ASSIGNMENT:
Write the entries below out again exactly, but skip the pictures.
─── THE RECORDS
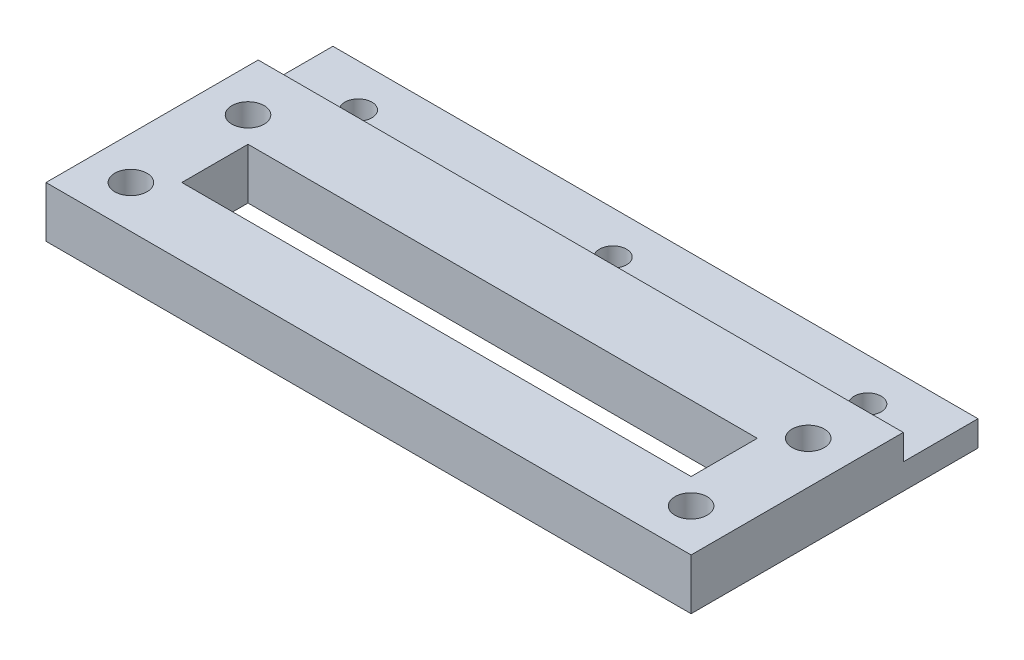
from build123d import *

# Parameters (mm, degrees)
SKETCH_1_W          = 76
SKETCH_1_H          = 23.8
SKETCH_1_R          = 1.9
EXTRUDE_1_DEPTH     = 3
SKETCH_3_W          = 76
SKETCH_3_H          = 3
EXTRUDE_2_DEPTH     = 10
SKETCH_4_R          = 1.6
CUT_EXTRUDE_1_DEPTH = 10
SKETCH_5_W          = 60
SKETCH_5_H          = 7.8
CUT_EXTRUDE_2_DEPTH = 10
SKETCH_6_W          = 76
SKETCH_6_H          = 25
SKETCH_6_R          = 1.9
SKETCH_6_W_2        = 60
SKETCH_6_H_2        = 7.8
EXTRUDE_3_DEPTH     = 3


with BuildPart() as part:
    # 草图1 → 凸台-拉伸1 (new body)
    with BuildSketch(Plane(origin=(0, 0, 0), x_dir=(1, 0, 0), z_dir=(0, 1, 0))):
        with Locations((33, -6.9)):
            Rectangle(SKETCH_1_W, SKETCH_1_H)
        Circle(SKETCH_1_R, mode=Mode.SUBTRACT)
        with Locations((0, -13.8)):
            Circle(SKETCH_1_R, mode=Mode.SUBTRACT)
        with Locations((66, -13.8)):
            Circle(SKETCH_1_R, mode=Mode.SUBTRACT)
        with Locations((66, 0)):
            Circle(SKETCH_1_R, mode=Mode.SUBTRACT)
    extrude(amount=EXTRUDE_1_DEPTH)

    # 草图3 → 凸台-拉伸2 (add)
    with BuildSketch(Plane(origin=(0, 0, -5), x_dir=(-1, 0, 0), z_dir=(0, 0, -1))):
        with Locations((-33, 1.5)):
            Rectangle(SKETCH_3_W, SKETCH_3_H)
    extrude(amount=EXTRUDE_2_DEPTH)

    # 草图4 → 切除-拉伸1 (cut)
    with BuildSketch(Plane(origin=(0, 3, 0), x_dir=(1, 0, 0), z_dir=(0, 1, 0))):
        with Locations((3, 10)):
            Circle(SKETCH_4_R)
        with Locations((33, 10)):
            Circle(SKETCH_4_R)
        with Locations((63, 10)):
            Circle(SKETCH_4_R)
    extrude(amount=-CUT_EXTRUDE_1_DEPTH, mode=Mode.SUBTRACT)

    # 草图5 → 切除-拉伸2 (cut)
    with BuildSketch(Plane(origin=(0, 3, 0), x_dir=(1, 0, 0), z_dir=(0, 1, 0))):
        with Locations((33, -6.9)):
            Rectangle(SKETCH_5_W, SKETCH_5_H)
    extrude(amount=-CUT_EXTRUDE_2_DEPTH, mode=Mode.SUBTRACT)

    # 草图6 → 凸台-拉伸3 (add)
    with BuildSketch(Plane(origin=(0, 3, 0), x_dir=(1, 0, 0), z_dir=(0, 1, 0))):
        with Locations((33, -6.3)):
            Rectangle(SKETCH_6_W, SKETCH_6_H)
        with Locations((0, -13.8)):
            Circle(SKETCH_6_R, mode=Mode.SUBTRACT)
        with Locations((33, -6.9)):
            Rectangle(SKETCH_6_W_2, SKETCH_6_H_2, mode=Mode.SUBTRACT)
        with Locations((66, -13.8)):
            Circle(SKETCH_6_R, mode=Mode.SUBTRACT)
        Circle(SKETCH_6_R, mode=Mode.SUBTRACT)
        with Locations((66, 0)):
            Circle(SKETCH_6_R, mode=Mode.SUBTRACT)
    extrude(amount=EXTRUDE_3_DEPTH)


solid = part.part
──────
EXERCISE ANSWER:
from build123d import *

# Parameters (mm, degrees)
SKETCH_1_W          = 76
SKETCH_1_H          = 23.8
SKETCH_1_R          = 1.9
EXTRUDE_1_DEPTH     = 3
SKETCH_3_W          = 76
SKETCH_3_H          = 3
EXTRUDE_2_DEPTH     = 10
SKETCH_4_R          = 1.6
CUT_EXTRUDE_1_DEPTH = 10
SKETCH_5_W          = 60
SKETCH_5_H          = 7.8
CUT_EXTRUDE_2_DEPTH = 10
SKETCH_6_W          = 76
SKETCH_6_H          = 25
SKETCH_6_R          = 1.9
SKETCH_6_W_2        = 60
SKETCH_6_H_2        = 7.8
EXTRUDE_3_DEPTH     = 3


with BuildPart() as part:
    # 草图1 → 凸台-拉伸1 (new body)
    with BuildSketch(Plane(origin=(0, 0, 0), x_dir=(1, 0, 0), z_dir=(0, 1, 0))):
        with Locations((33, -6.9)):
            Rectangle(SKETCH_1_W, SKETCH_1_H)
        Circle(SKETCH_1_R, mode=Mode.SUBTRACT)
        with Locations((0, -13.8)):
            Circle(SKETCH_1_R, mode=Mode.SUBTRACT)
        with Locations((66, -13.8)):
            Circle(SKETCH_1_R, mode=Mode.SUBTRACT)
        with Locations((66, 0)):
            Circle(SKETCH_1_R, mode=Mode.SUBTRACT)
    extrude(amount=EXTRUDE_1_DEPTH)

    # 草图3 → 凸台-拉伸2 (add)
    with BuildSketch(Plane(origin=(0, 0, -5), x_dir=(-1, 0, 0), z_dir=(0, 0, -1))):
        with Locations((-33, 1.5)):
            Rectangle(SKETCH_3_W, SKETCH_3_H)
    extrude(amount=EXTRUDE_2_DEPTH)

    # 草图4 → 切除-拉伸1 (cut)
    with BuildSketch(Plane(origin=(0, 3, 0), x_dir=(1, 0, 0), z_dir=(0, 1, 0))):
        with Locations((3, 10)):
            Circle(SKETCH_4_R)
        with Locations((33, 10)):
            Circle(SKETCH_4_R)
        with Locations((63, 10)):
            Circle(SKETCH_4_R)
    extrude(amount=-CUT_EXTRUDE_1_DEPTH, mode=Mode.SUBTRACT)

    # 草图5 → 切除-拉伸2 (cut)
    with BuildSketch(Plane(origin=(0, 3, 0), x_dir=(1, 0, 0), z_dir=(0, 1, 0))):
        with Locations((33, -6.9)):
            Rectangle(SKETCH_5_W, SKETCH_5_H)
    extrude(amount=-CUT_EXTRUDE_2_DEPTH, mode=Mode.SUBTRACT)

    # 草图6 → 凸台-拉伸3 (add)
    with BuildSketch(Plane(origin=(0, 3, 0), x_dir=(1, 0, 0), z_dir=(0, 1, 0))):
        with Locations((33, -6.3)):
            Rectangle(SKETCH_6_W, SKETCH_6_H)
        with Locations((0, -13.8)):
            Circle(SKETCH_6_R, mode=Mode.SUBTRACT)
        with Locations((33, -6.9)):
            Rectangle(SKETCH_6_W_2, SKETCH_6_H_2, mode=Mode.SUBTRACT)
        with Locations((66, -13.8)):
            Circle(SKETCH_6_R, mode=Mode.SUBTRACT)
        Circle(SKETCH_6_R, mode=Mode.SUBTRACT)
        with Locations((66, 0)):
            Circle(SKETCH_6_R, mode=Mode.SUBTRACT)
    extrude(amount=EXTRUDE_3_DEPTH)


solid = part.part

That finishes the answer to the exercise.